Robert Kiyosaki, uno de los escritores más taquilleros de los Estados Unidos, en su libro Padre Rico, Padre Pobre define riqueza en términos cronológicos: es rico aquel que puede sobrevivir un tiempo determinado sin trabajar. Según este razonamiento, alguien que dispone de un gran capital pero que consume mucho en relación a ese patrimonio, no puede dejar de trabajar. Contrariamente, aquel que posee un capital más modesto puede sobrevivir más tiempo moderando su consumo.
El concepto de Kiyosaki permite comprender por qué los países centrales practican onerosas políticas de subsidio al desarrollo de determinados sectores productivos. Ese gasto en apariencia superfluo les asegura independencia de otras economías que alternativamente podrían abastecerlos. De esa manera también, obstaculizan el proceso de desarrollo de potenciales competidores en más actividades en el futuro. Son fundamentales para esta política la protección y los subsidios a sectores como el agro, la metalurgia y ciertas industrias como, por ejemplo, la textil, debido a que son actividades históricamente pioneras en el desarrollo de las economías y, por lo tanto, están más afectadas por la competencia de los países emergentes.

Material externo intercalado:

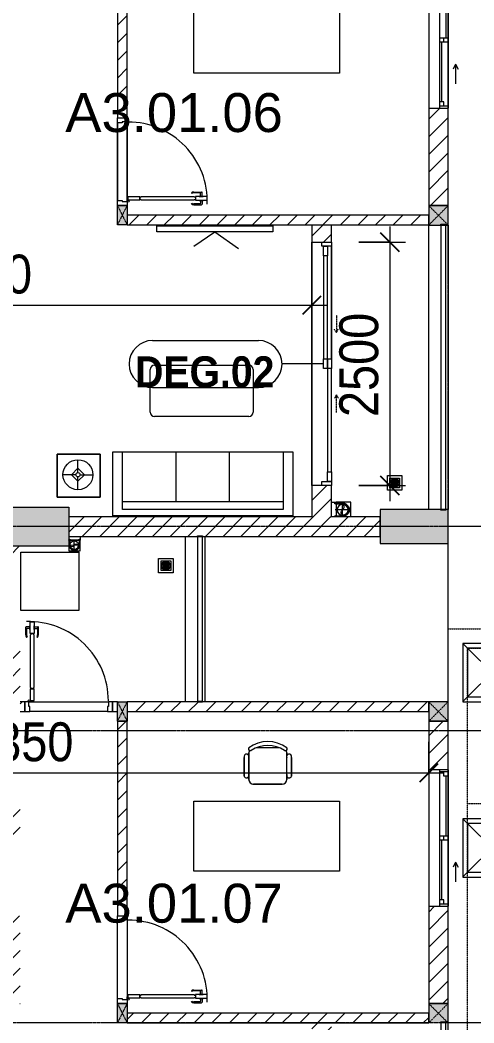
# Model space of a CAD drawing. Header units: millimetres. Extents: x 962 to 241049, y -15958 to 84407.
# Drawn here: x 186032 to 190697, y 48437 to 58742 of the extents above; entities that cross this region are included whole.
import ezdxf

# ---------------------------------------------------------------- set-up
doc = ezdxf.new("R2010")
doc.units = ezdxf.units.MM
for name, pattern in [('Dash', [6, 3, -3]), ('Grid Line', [22.225, 12.7, -3.175, 3.175, -3.175]), ('IMPORT-CENTER _3_', [10.16, 6.35, -1.27, 1.27, -1.27]), ('IMPORT-NCV_MAT BANG DAM SAN TANG 1$0$BEAM HIDEN_DBIM', [1.5875, 1.058333, -0.529167])]:
    doc.linetypes.add(name, pattern=pattern)
for name, color, linetype, lineweight in [('0-1', 7, 'Continuous', 5), ('A-ANNO-DIMS', 211, 'Continuous', 9), ('A-ANNO-DIMS-160', 211, 'Continuous', 9), ('A-AREA-IDEN', 2, 'Continuous', 9), ('A-DETL-GENF-1', 9, 'Continuous', 9), ('A-DOOR', 31, 'Continuous', 9), ('A-DOOR-1', 254, 'Continuous', 9), ('A-DOOR-2', 9, 'Continuous', 9), ('A-DOOR-FRAM', 31, 'Continuous', 9), ('A-DOOR-HDLN', 31, 'Dash', 9), ('A-DOOR-IDEN', 31, 'Continuous', 9), ('A-FLOR-1', 250, 'Continuous', 9), ('A-FLOR-2', 9, 'Continuous', 9), ('A-FLOR-HRAL', 11, 'Continuous', 9), ('A-FLOR-HRAL-1', 254, 'Continuous', 9), ('A-FLOR-HRAL-2', 9, 'Continuous', 9), ('A-GLAZ', 151, 'Continuous', 9), ('A-WALL', 113, 'Continuous', 9), ('A-WALL-1', 253, 'Continuous', 18), ('A-WALL-2', 9, 'Continuous', 9), ('A-WALL-3', 113, 'Continuous', 18), ('A-WALL-PATT-1', 10, 'Continuous', 9), ('A-WALL-PATT-2', 111, 'Continuous', 9), ('G-IMPT', 8, 'Continuous', 9), ('G-IMPT-1', 254, 'Continuous', 9), ('G-IMPT-2', 8, 'IMPORT-CENTER _3_', 9), ('G-IMPT-4', 8, 'IMPORT-NCV_MAT BANG DAM SAN TANG 1$0$BEAM HIDEN_DBIM', 9), ('I-FURN', 30, 'Continuous', 9), ('I-FURN-1', 254, 'Continuous', 9), ('M-EQPM', 50, 'Continuous', 9), ('S-COLS', 52, 'Continuous', 9), ('S-COLS-1', 52, 'Continuous', 5), ('S-COLS-2', 7, 'Continuous', 18), ('S-COLS-3', 250, 'Continuous', 9), ('S-COLS-4', 254, 'Continuous', 9), ('S-COLS-5', 253, 'Continuous', 18), ('S-COLS-6', 52, 'Continuous', 18), ('S-COLS-7', 52, 'Dash', 9), ('S-COLS-HDLN', 52, 'Dash', 9), ('S-COLS-HDLN-1', 9, 'Dash', 9), ('S-GRID-1', 1, 'Grid Line', 9)]:
    doc.layers.add(name, color=color, linetype=linetype, lineweight=lineweight)
doc.styles.add('Arial_11', font='arial_0.ttf', dxfattribs={"height": 400})
doc.styles.add('Arial_B_5', font='arialbd_0.ttf', dxfattribs={"width": 0.9, "height": 320})
doc.styles.add('UTM Avo', font='UTM Avo.ttf', dxfattribs={"width": 0.9, "height": 400})
doc.dimstyles.new('1_Dim_chi_tiet_2_5_1', dxfattribs={"dimscale": 304.8, "dimtxt": 399.720379, "dimasz": 0.629921, "dimexe": 0.524934, "dimexo": 0.0625, "dimgap": 0.052493, "dimtad": 1, "dimdec": 0, "dimrnd": 5, "dimzin": 0, "dimdsep": 46, "dimtxsty": 'UTM Avo', "dimblk1": 'OBLIQUE', "dimblk2": 'OBLIQUE', "dimsah": 1, "dimcen": 0.09, "dimdle": 0.524934, "dimazin": 0, "dimtfac": 1, "dimtdec": 4, "dimtix": 1, "dimtmove": 0, "dimatfit": 3, "dimfxl": 1.049869, "dimfxlon": 1, "dimtvp": 1, "dimtolj": 1, "dimtzin": 0, "dimarcsym": 2})
pattern_1 = [(45, (0, 0), (-90.50967, 90.50967), [])]
pattern_2 = [(45, (63179.03, 0), (-90.50967, 90.50967), [])]

# ---------------------------------------------------------------- blocks, each defined once
blk = doc.blocks.new('M_Concrete-Rectangular-Column2 - 400x1300-812637-TKCS_MB TẦNG 1')
at = {"layer": 'S-COLS'}
blk.add_hatch(color=256, dxfattribs=at).paths.add_polyline_path([(-650, 200), (-650, -200), (650, -200), (650, 200), (-181, 200)])
at = {"layer": 'S-COLS-2'}
for p, q in [((-650, 200), (650, 200)), ((-650, -200), (-650, 200)), ((650, 200), (650, -200)), ((650, -200), (-650, -200))]:
    blk.add_line(p, q, dxfattribs=at)
blk = doc.blocks.new('NCV_TKTC_KET CAU_rvt-1-TKCS_MB TẦNG 1')
at = {"layer": 'S-COLS-1'}
blk.add_hatch(color=256, dxfattribs=at).paths.add_polyline_path([(127178, 53362), (127253, 53362), (127253, 53712), (127228, 53712), (127228, 53707), (127178, 53707), (127178, 53712), (126553, 53712), (126553, 53362), (127045, 53362)])
at = {"layer": 'A-FLOR-1'}
blk.add_line((127253, 51737), (127253, 53362), dxfattribs=at)
at = {"layer": 'S-COLS-2'}
for p, q in [((127178, 53712), (126553, 53712)), ((126553, 53712), (126553, 53362)), ((127253, 53712), (127228, 53712)), ((127253, 53362), (127253, 53712)), ((126553, 53362), (127253, 53362))]:
    blk.add_line(p, q, dxfattribs=at)
at = {"layer": 'S-COLS-3'}
blk.add_blockref('M_Concrete-Rectangular-Column2 - 400x1300-812637-TKCS_MB TẦNG 1', (122703, 53537), dxfattribs=at)
blk = doc.blocks.new('DOOR_CW_01 CANH MO-PANEL KINH - DIW_01-900x2200-CỬA GỖ VÂN LAMINATE-553375-TKCS_MB TẦNG 1')
at = {"layer": 'A-DETL-GENF-1'}
for p, q in [((-397, -182), (-397, -62)), ((-397, -62), (-357, -62)), ((-357, -62), (-357, -182)), ((-357, -182), (-397, -182)), ((-397, -196), (-391, -196)), ((-397, -738), (-397, -196)), ((-391, -196), (-391, -182)), ((-391, -182), (-363, -182)), ((-363, -182), (-363, -196)), ((-357, -196), (-363, -196)), ((-357, -196), (-357, -738)), ((-434, -711), (-427, -716)), ((-320, -711), (-327, -716)), ((-442, -737), (-442, -816)), ((-399, -820), (-438, -820)), ((-434, -800), (-434, -737)), ((-399, -804), (-430, -804)), ((-399, -792), (-399, -832)), ((-397, -792), (-399, -792)), ((-397, -738), (-391, -738)), ((-357, -752), (-397, -752)), ((-397, -752), (-397, -872)), ((-397, -792), (-397, -832)), ((-391, -752), (-391, -738)), ((-363, -752), (-391, -752)), ((-357, -738), (-363, -738)), ((-363, -738), (-363, -752)), ((-357, -872), (-357, -752)), ((-357, -792), (-357, -832)), ((-357, -792), (-355, -792)), ((-355, -792), (-355, -832)), ((-355, -804), (-324, -804)), ((-355, -820), (-316, -820)), ((-320, -800), (-320, -737)), ((-312, -737), (-312, -816)), ((-399, -832), (-397, -832)), ((-397, -872), (-357, -872)), ((-355, -832), (-357, -832))]:
    blk.add_line(p, q, dxfattribs=at)
blk.add_circle((-407, -60), 10, dxfattribs=at)
for centre, radius, start, end in [((-407, -60), 814, 268, 0), ((-397, -737), 45, 145, 180), ((-397, -737), 37, 145, 180), ((-357, -737), 37, 0, 35), ((-357, -737), 45, 360, 35), ((-438, -816), 4, 180, 270), ((-430, -800), 4, 180, 270), ((-324, -800), 4, 270, 0), ((-316, -816), 4, 270, 0)]:
    blk.add_arc(centre, radius, start, end, dxfattribs=at)
at = {"layer": 'A-DOOR-2'}
for p, q in [((-450, -50), (-450, 50)), ((-450, 50), (-400, 50)), ((-400, 50), (-400, 0)), ((400, 0), (400, 50)), ((400, 50), (450, 50)), ((450, 50), (450, -50)), ((-410, -50), (-450, -50)), ((-410, 0), (-410, -50)), ((-400, 0), (-410, 0)), ((-407, -50), (-382, -50)), ((410, 0), (400, 0)), ((410, -50), (410, 0)), ((450, -50), (410, -50))]:
    blk.add_line(p, q, dxfattribs=at)
blk = doc.blocks.new('BAN LV A - BAN LV A_dwg_ban hoc2-348006-TKCS_MB TẦNG 1')
at = {"layer": 'I-FURN'}
for p, q in [((146, 437), (-146, 437)), ((-243, 354), (-243, 162)), ((-194, 389), (-194, 113)), ((194, 113), (194, 389)), ((194, 351), (194, 151)), ((244, 162), (244, 354)), ((-121, 65), (121, 65))]:
    blk.add_line(p, q, dxfattribs=at)
at = {"layer": 'I-FURN', "flags": 128}
blk.add_lwpolyline([(-738, 611), (-738, 1331), (-155, 1331), (762, 1331), (762, 611)], close=True, dxfattribs=at)
at = {"layer": 'I-FURN'}
for centre, radius, start, end in [((-146, 389), 48.6, 90, 180), ((146, 389), 48.6, 360, 90), ((-219, 347), 25.3, 343.7398, 163.7398), ((219, 347), 25.3, 16.2602, 170.7054), ((-219, 155), 25.3, 163.7398, 16.2602), ((-146, 113), 48.6, 180, 207.5844), ((146, 113), 48.6, 332.4156, 0), ((219, 155), 25.3, 189.2946, 16.2602), ((-180, 75), 17.8, 57.9726, 216.6901), ((0, 324), 324, 233.1301, 306.8699), ((0, 359), 318, 237.5758, 302.4242), ((180, 75), 17.8, 323.3099, 122.0274)]:
    blk.add_arc(centre, radius, start, end, dxfattribs=at)
blk = doc.blocks.new('BAN LV A - BAN LV A_dwg-348005-TKCS_MB TẦNG 1')
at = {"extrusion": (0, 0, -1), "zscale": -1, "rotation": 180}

Nuestra economía ha demostrado en repetidas oportunidades su capacidad para sortear las crisis recurrentes, consecuencia del malgasto de la riqueza acumulada en tiempo de bonanza. Es esta rápida acción pendular la que ha dado lugar al despilfarro constante de sus recursos fundado en la creencia de una rápida recuperación. Este hecho se puso de relieve y se agravó en gran medida, sobre todo, durante la década de ’90.
Nuestros economistas, constantemente traen a colación el caso de Chile, nación a la que consideran más abierta. Se olvidan de que el país trasandino tiene una estructura social y territorial diferente a la de la Argentina. Por un lado, no posee tanta clase media y, por el otro, tiene un territorio pobre de recursos naturales, razón por la cual se ven obligados a comerciar con otras economías, para poder abastecerse de productos básicos. Semejante política sólo puede ser solventada mediante el aporte gubernamental proveniente de las minas de cobre, y de una racional distribución de las inversiones.
Al igual que el hijo del potentado que malgasta su patrimonio, la Argentina debe encauzarse amortiguando sus esquizofrénicos ciclos económicos de subas y bajas, aprovechando las etapas más prósperas para expandir y modernizar su estructura productiva y evitando la importación masiva de productos superfluos que se destinan al consumo y que no generan riquezas posteriores, como sí se podría alcanzar a través de una importación sesgada hacia los bienes de capital y la transferencia de tecnología. Los funcionarios del Gobierno están trabajando en defensa de los intereses de quienes vivimos y trabajamos en nuestro país. Lamentablemente, todavía se alzan voces que – movidas por intereses oportunistas de corto plazo, con desconocimiento, y hasta con malicia–, señalan limitaciones en la capacidad productiva de la nación. En lugar de construir políticas de desarrollo estratégico que promuevan las inversiones y consecuentemente la generación de puestos de trabajo, impulsan la importación masiva e indiscriminada. De esa manera, intentan desmotivar a quienes deseamos generar riquezas y facilitan el juego de aquellas naciones que geopolíticamente pretenden tomar el control de la región.